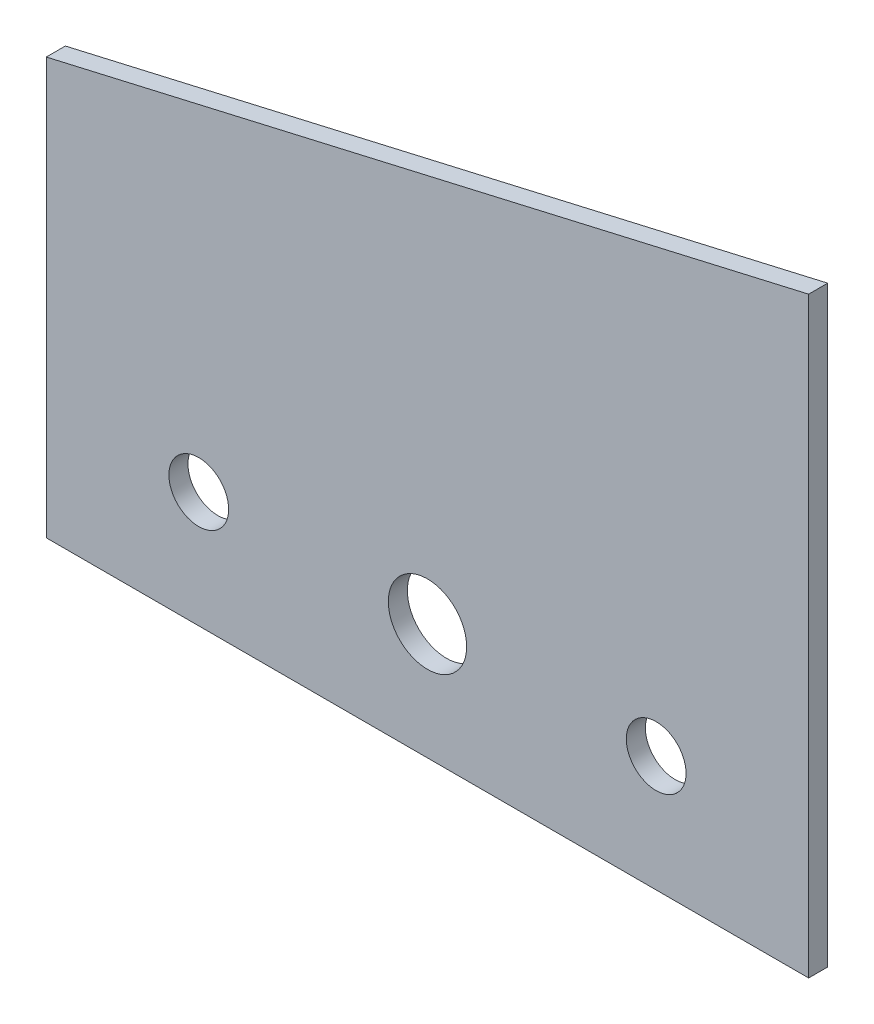
SolidWorks part; units mm, degrees
material "AISI 1010 Steel, hot rolled bar"
ref_plane "Front Plane" through (0, 0, 0) normal (0, 0, 1) x (1, 0, 0)
ref_plane "Top Plane" through (0, 0, 0) normal (0, 1, 0) x (1, 0, 0)
ref_plane "Right Plane" through (0, 0, 0) normal (1, 0, 0) x (0, 0, -1)
sketch "Sketch1" plane through (0, 0, 0) normal (0, 0, 1) x (1, 0, 0)
  line L2 (1385.5223, -68.9842) -> (1385.5223, -118.3135)
  line L3 (1385.5223, -118.3135) -> (1322.0223, -118.3135)
  line L4 (1322.0223, -118.3135) -> (1322.0223, -83.6274)
  line L6 (1322.0223, -83.6274) -> (1385.5223, -68.9842)
  circle A0 centre (1334.7223, -108.6615) radius 2.4892
  circle A1 centre (1372.8223, -108.6615) radius 2.4892
  circle A2 centre (1353.7723, -108.6615) radius 3.2639
  point P10 (1353.7723, -118.3135)
  dimension "D8" = 6.5278
  dimension "D10" = 4.9784
  dimension "D1" = 63.5
  dimension "D2" = 77.014
  dimension "D3" = 49.3293
  dimension "D4" = 12.7
  dimension "D5" = 12.7
  dimension "D9" = 9.652
extrude "Boss-Extrude1" add sketch "Sketch1" along normal blind 1.5875 contours L3 L4 L6 L2
sketch "Sketch2" plane through (0, 0, 1.5875) normal (0, 0, 1) x (1, 0, 0)
  circle A0 centre (1353.7723, -108.6615) radius 3.2639 construction
  circle A1 centre (1353.7723, -108.6615) radius 3.2639

○ ○ ○ ○ ○ ○ ○

Where images occur in the data above, leave them out and repeat everything else exactly.

## Exercise answer
SolidWorks part; units mm, degrees
material "AISI 1010 Steel, hot rolled bar"
ref_plane "Front Plane" through (0, 0, 0) normal (0, 0, 1) x (1, 0, 0)
ref_plane "Top Plane" through (0, 0, 0) normal (0, 1, 0) x (1, 0, 0)
ref_plane "Right Plane" through (0, 0, 0) normal (1, 0, 0) x (0, 0, -1)
sketch "Sketch1" plane through (0, 0, 0) normal (0, 0, 1) x (1, 0, 0)
  line L2 (1385.5223, -68.9842) -> (1385.5223, -118.3135)
  line L3 (1385.5223, -118.3135) -> (1322.0223, -118.3135)
  line L4 (1322.0223, -118.3135) -> (1322.0223, -83.6274)
  line L6 (1322.0223, -83.6274) -> (1385.5223, -68.9842)
  circle A0 centre (1334.7223, -108.6615) radius 2.4892
  circle A1 centre (1372.8223, -108.6615) radius 2.4892
  circle A2 centre (1353.7723, -108.6615) radius 3.2639
  point P10 (1353.7723, -118.3135)
  dimension "D8" = 6.5278
  dimension "D10" = 4.9784
  dimension "D1" = 63.5
  dimension "D2" = 77.014
  dimension "D3" = 49.3293
  dimension "D4" = 12.7
  dimension "D5" = 12.7
  dimension "D9" = 9.652
extrude "Boss-Extrude1" add sketch "Sketch1" along normal blind 1.5875 contours L3 L4 L6 L2
sketch "Sketch2" plane through (0, 0, 1.5875) normal (0, 0, 1) x (1, 0, 0)
  circle A0 centre (1353.7723, -108.6615) radius 3.2639 construction
  circle A1 centre (1353.7723, -108.6615) radius 3.2639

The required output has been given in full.